Giraffe showed them how by immediately starting in to collect such wood as lay conveniently at hand.
"Pile it up here, where it'll keep dry, and we can get what we need from time to time," he told them.
Many hands make light work, and as the entire half dozen boys busied themselves like a pack of beavers, before long they had accumulated such a pile of good dry fuel as pleased Giraffe exceedingly.
"That's what I call a hunky-dory lot of wood," he finally declared, when Thad had announced the they must surely have enough to see them through the night, "but better bring in a little more, boys, because you don't know how fast the fire eats it up."

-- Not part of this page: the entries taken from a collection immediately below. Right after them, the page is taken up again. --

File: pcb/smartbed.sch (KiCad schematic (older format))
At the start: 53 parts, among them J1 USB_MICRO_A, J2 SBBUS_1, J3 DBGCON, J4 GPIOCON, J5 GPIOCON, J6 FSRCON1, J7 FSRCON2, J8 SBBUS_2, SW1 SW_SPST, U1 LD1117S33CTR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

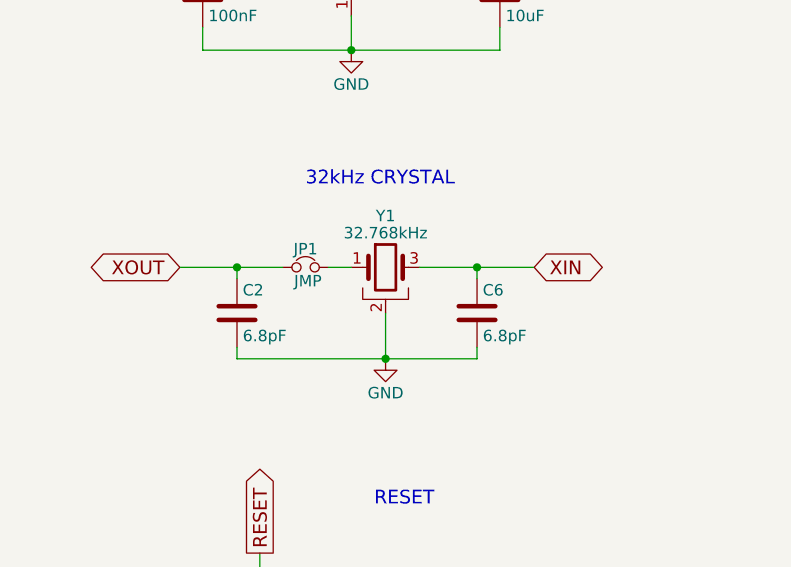
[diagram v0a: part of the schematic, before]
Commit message: Connected most of the traces
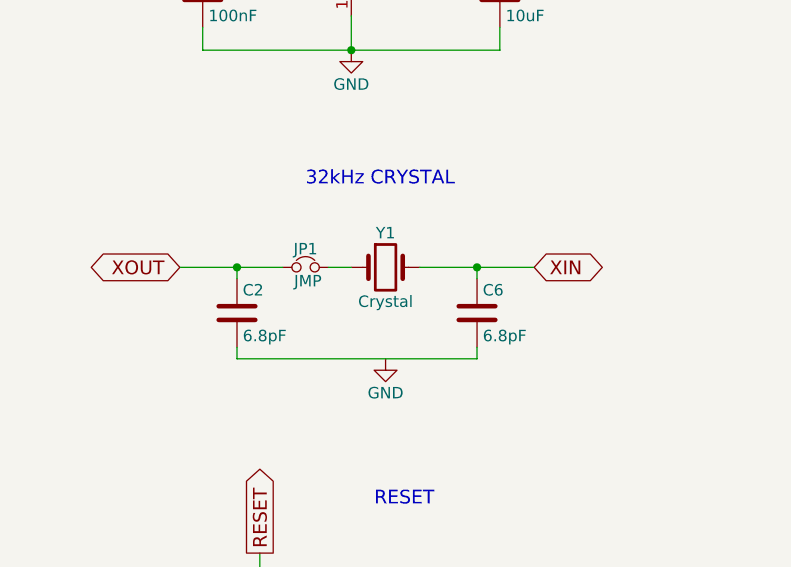
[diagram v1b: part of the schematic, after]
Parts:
- removed Y1: 32.768kHz, Crystals:Crystal_Round_d3.0mm_Vertical, symbol Crystal_GND2
- added Y1: Crystal, Crystals:Crystal_Round_d3.0mm_Vertical, symbol Crystal
- C1, C10, C11, C12, C2, C3, C4, C5, C6, C7, C8, C9: footprint Capacitors_SMD:C_0805_HandSoldering -> Capacitors_SMD:C_0603_HandSoldering
- J2, J8: footprint Pin_Headers:Pin_Header_Straight_2x03_Pitch2.54mm -> Connectors:IDC_Header_Straight_6pins
- J3: footprint Pin_Headers:Pin_Header_Straight_2x05_Pitch2.54mm -> Connectors:IDC_Header_Straight_10pins
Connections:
- net GND: no longer C2.2, C6.2
- net XIN: now also Y1.2
- net at JP1.2: now also Y1.1
- new net: C2.2, C6.2
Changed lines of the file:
@@
 F 0 "C8" H 2575 3450 50  0000 L CNN
 F 1 "10uF" H 2575 3250 50  0000 L CNN
-F 2 "Capacitors_SMD:C_0805_HandSoldering" H 2588 3200 50  0001 C CNN
+F 2 "Capacitors_SMD:C_0603_HandSoldering" H 2588 3200 50  0001 C CNN
 F 3 "" H 2550 3350 50  0001 C CNN
 	1    2550 3350
@@
 F 0 "C1" H 1275 3450 50  0000 L CNN
 F 1 "100nF" H 1275 3250 50  0000 L CNN
-F 2 "Capacitors_SMD:C_0805_HandSoldering" H 1288 3200 50  0001 C CNN
+F 2 "Capacitors_SMD:C_0603_HandSoldering" H 1288 3200 50  0001 C CNN
 F 3 "" H 1250 3350 50  0001 C CNN
 	1    1250 3350
@@
 F 0 "J2" H 1550 8150 50  0000 C CNN
 F 1 "SBBUS_1" H 1550 7750 50  0000 C CNN
-F 2 "Pin_Headers:Pin_Header_Straight_2x03_Pitch2.54mm" H 1550 6750 50  0001 C CNN
+F 2 "Connectors:IDC_Header_Straight_6pins" H 1550 6750 50  0001 C CNN
 F 3 "" H 1550 6750 50  0001 C CNN
 	1    1550 7950
@@
 F 0 "C2" H 1425 4850 50  0000 L CNN
 F 1 "6.8pF" H 1425 4650 50  0000 L CNN
-F 2 "Capacitors_SMD:C_0805_HandSoldering" H 1438 4600 50  0001 C CNN
+F 2 "Capacitors_SMD:C_0603_HandSoldering" H 1438 4600 50  0001 C CNN
 F 3 "" H 1400 4750 50  0001 C CNN
 	1    1400 4750
@@
 F 0 "C6" H 2475 4850 50  0000 L CNN
 F 1 "6.8pF" H 2475 4650 50  0000 L CNN
-F 2 "Capacitors_SMD:C_0805_HandSoldering" H 2488 4600 50  0001 C CNN
+F 2 "Capacitors_SMD:C_0603_HandSoldering" H 2488 4600 50  0001 C CNN
 F 3 "" H 2450 4750 50  0001 C CNN
 	1    2450 4750
@@
 	1    0    0    -1
 $EndComp
-$Comp
-L Crystal_GND2 Y1
-U 1 1 593AA73E
-P 2050 4550
-F 0 "Y1" H 2050 4775 50  0000 C CNN
-F 1 "32.768kHz" H 2050 4700 50  0000 C CNN
-F 2 "Crystals:Crystal_Round_d3.0mm_Vertical" H 2050 4550 50  0001 C CNN
-F 3 "" H 2050 4550 50  0001 C CNN
-	1    2050 4550
-	1    0    0    -1
-$EndComp
 Text Notes 1700 4200 0    60   ~ 0
 32kHz CRYSTAL
@@
 F 0 "C4" V 2350 6800 50  0000 L CNN
 F 1 "100nF" V 2050 6700 50  0000 L CNN
-F 2 "Capacitors_SMD:C_0805_HandSoldering" H 2238 6650 50  0001 C CNN
+F 2 "Capacitors_SMD:C_0603_HandSoldering" H 2238 6650 50  0001 C CNN
 F 3 "" H 2200 6800 50  0001 C CNN
 	1    2200 6800
@@
 F 0 "C12" H 9100 2000 50  0000 L CNN
 F 1 "100nF" H 9050 2200 50  0000 L CNN
-F 2 "Capacitors_SMD:C_0805_HandSoldering" H 9088 1950 50  0001 C CNN
+F 2 "Capacitors_SMD:C_0603_HandSoldering" H 9088 1950 50  0001 C CNN
 F 3 "" H 9050 2100 50  0001 C CNN
 	1    9050 2100
@@
 F 0 "J3" H 3000 8300 50  0000 C CNN
 F 1 "DBGCON" H 3000 7700 50  0000 C CNN
-F 2 "Pin_Headers:Pin_Header_Straight_2x05_Pitch2.54mm" H 3000 6800 50  0001 C CNN
+F 2 "Connectors:IDC_Header_Straight_10pins" H 3000 6800 50  0001 C CNN
 F 3 "" H 3000 6800 50  0001 C CNN
 	1    3000 8000
@@
 F 0 "C11" H 6725 5350 50  0000 L CNN
 F 1 "100nF" H 6725 5150 50  0000 L CNN
-F 2 "Capacitors_SMD:C_0805_HandSoldering" H 6738 5100 50  0001 C CNN
+F 2 "Capacitors_SMD:C_0603_HandSoldering" H 6738 5100 50  0001 C CNN
 F 3 "" H 6700 5250 50  0001 C CNN
 	1    6700 5250
@@
 F 0 "C7" H 2525 9950 50  0000 L CNN
 F 1 "100nF" H 2525 9750 50  0000 L CNN
-F 2 "Capacitors_SMD:C_0805_HandSoldering" H 2538 9700 50  0001 C CNN
+F 2 "Capacitors_SMD:C_0603_HandSoldering" H 2538 9700 50  0001 C CNN
 F 3 "" H 2500 9850 50  0001 C CNN
 	1    2500 9850
@@
 F 0 "C5" H 2225 9950 50  0000 L CNN
 F 1 "100nF" H 2225 9750 50  0000 L CNN
-F 2 "Capacitors_SMD:C_0805_HandSoldering" H 2238 9700 50  0001 C CNN
+F 2 "Capacitors_SMD:C_0603_HandSoldering" H 2238 9700 50  0001 C CNN
 F 3 "" H 2200 9850 50  0001 C CNN
 	1    2200 9850
@@
 F 0 "C10" H 3125 9950 50  0000 L CNN
 F 1 "100nF" H 3125 9750 50  0000 L CNN
-F 2 "Capacitors_SMD:C_0805_HandSoldering" H 3138 9700 50  0001 C CNN
+F 2 "Capacitors_SMD:C_0603_HandSoldering" H 3138 9700 50  0001 C CNN
 F 3 "" H 3100 9850 50  0001 C CNN
 	1    3100 9850
@@
 F 0 "C9" H 2825 9950 50  0000 L CNN
 F 1 "100nF" H 2825 9750 50  0000 L CNN
-F 2 "Capacitors_SMD:C_0805_HandSoldering" H 2838 9700 50  0001 C CNN
+F 2 "Capacitors_SMD:C_0603_HandSoldering" H 2838 9700 50  0001 C CNN
 F 3 "" H 2800 9850 50  0001 C CNN
 	1    2800 9850
@@
 F 0 "C3" H 1525 1100 50  0000 L CNN
 F 1 "100nF" H 1525 900 50  0000 L CNN
-F 2 "Capacitors_SMD:C_0805_HandSoldering" H 1538 850 50  0001 C CNN
+F 2 "Capacitors_SMD:C_0603_HandSoldering" H 1538 850 50  0001 C CNN
 F 3 "" H 1500 1000 50  0001 C CNN
 	1    1500 1000
@@
 	2850 2150 2850 1200
 Wire Wire Line
-	2050 4750 2050 4950
-Wire Wire Line
 	2450 4550 2450 4600
 Wire Wire Line
 	2450 4950 2450 4900
-Connection ~ 2050 4950
 Wire Wire Line
 	1400 4950 2450 4950
@@
 F 0 "J8" H 1550 8750 50  0000 C CNN
 F 1 "SBBUS_2" H 1550 8350 50  0000 C CNN
-F 2 "Pin_Headers:Pin_Header_Straight_2x03_Pitch2.54mm" H 1550 7350 50  0001 C CNN
+F 2 "Connectors:IDC_Header_Straight_6pins" H 1550 7350 50  0001 C CNN
 F 3 "" H 1550 7350 50  0001 C CNN
 	1    1550 8550
@@
 	1450 1800 1450 1400
 Connection ~ 1450 1400
+$Comp
+L Crystal Y1
+U 1 1 59457367
+P 2050 4550
+F 0 "Y1" H 2050 4700 50  0000 C CNN
+F 1 "Crystal" H 2050 4400 50  0000 C CNN
+F 2 "Crystals:Crystal_Round_d3.0mm_Vertical" H 2050 4550 50  0001 C CNN
+F 3 "" H 2050 4550 50  0001 C CNN
+	1    2050 4550
+	1    0    0    -1
+$EndComp
 $EndSCHEMATC

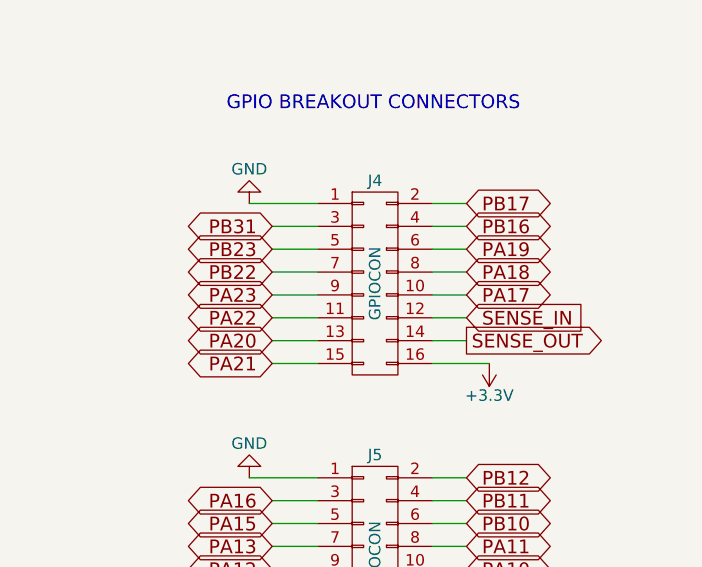
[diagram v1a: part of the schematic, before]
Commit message: Routed the board
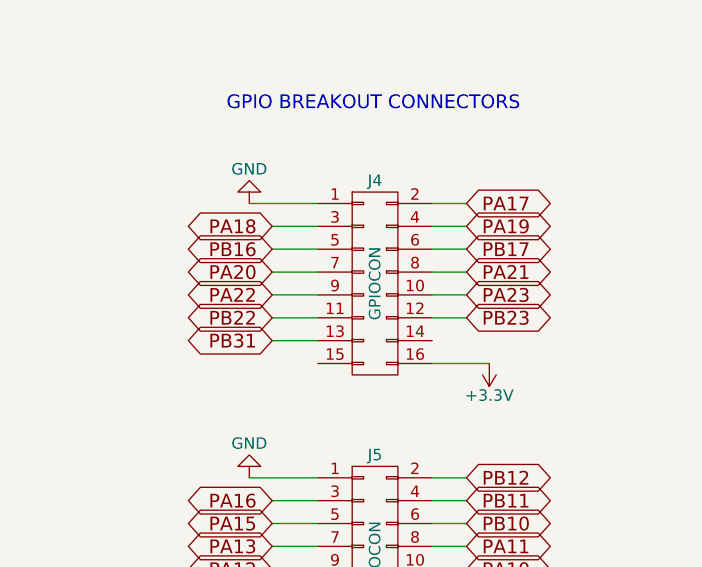
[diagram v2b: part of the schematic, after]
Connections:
- net PA17: now also J4.2 (P2); no longer J4.10 (P10)
- net PA18: now also J4.3 (P3); no longer J4.8 (P8)
- net PA19: now also J4.4 (P4); no longer J4.6 (P6)
- net PA20: now also J4.7 (P7); no longer J4.13 (P13)
- net PA21: now also J4.8 (P8); no longer J4.15 (P15)
- net PA22: now also J4.9 (P9); no longer J4.11 (P11)
- net PA23: now also J4.10 (P10); no longer J4.9 (P9)
- net PB16: now also J4.5 (P5); no longer J4.4 (P4)
- net PB17: now also J4.6 (P6); no longer J4.2 (P2)
- net PB22: now also J4.11 (P11); no longer J4.7 (P7)
- net PB23: now also J4.12 (P12); no longer J4.5 (P5)
- net PB31: now also J4.13 (P13); no longer J4.3 (P3)
- net SENSE_IN: no longer J4.12 (P12)
- net SENSE_OUT: no longer J4.14 (P14)
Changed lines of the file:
@@
 Text GLabel 8350 6550 3    60   BiDi ~ 0
 PA10
+Text GLabel 13850 8000 0    60   BiDi ~ 0
+PB31
+Text GLabel 14700 7900 2    60   BiDi ~ 0
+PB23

As for himself, Giraffe was now ready to get his cheery blaze started.
He actually wasted a match in doing this, muttering at the time that there was no use bothering with his fire-sticks, which would come in handy later, perhaps, when the stock of matches ran low.
Well, every boy admitted that things certainly did take on a rosier hue, once that fire began to crackle and send up sparks.
"That feels good, Giraffe," said Bumpus, holding his hands out toward the blaze.
"Sure it does," the fire maker went on to say, "and we'll all feel better still after we get some grub inside. Thad, what are we going to have for supper?"
Nobody started making fun of Giraffe now. They were all pretty sharp pushed, and could sympathize with the hungry one.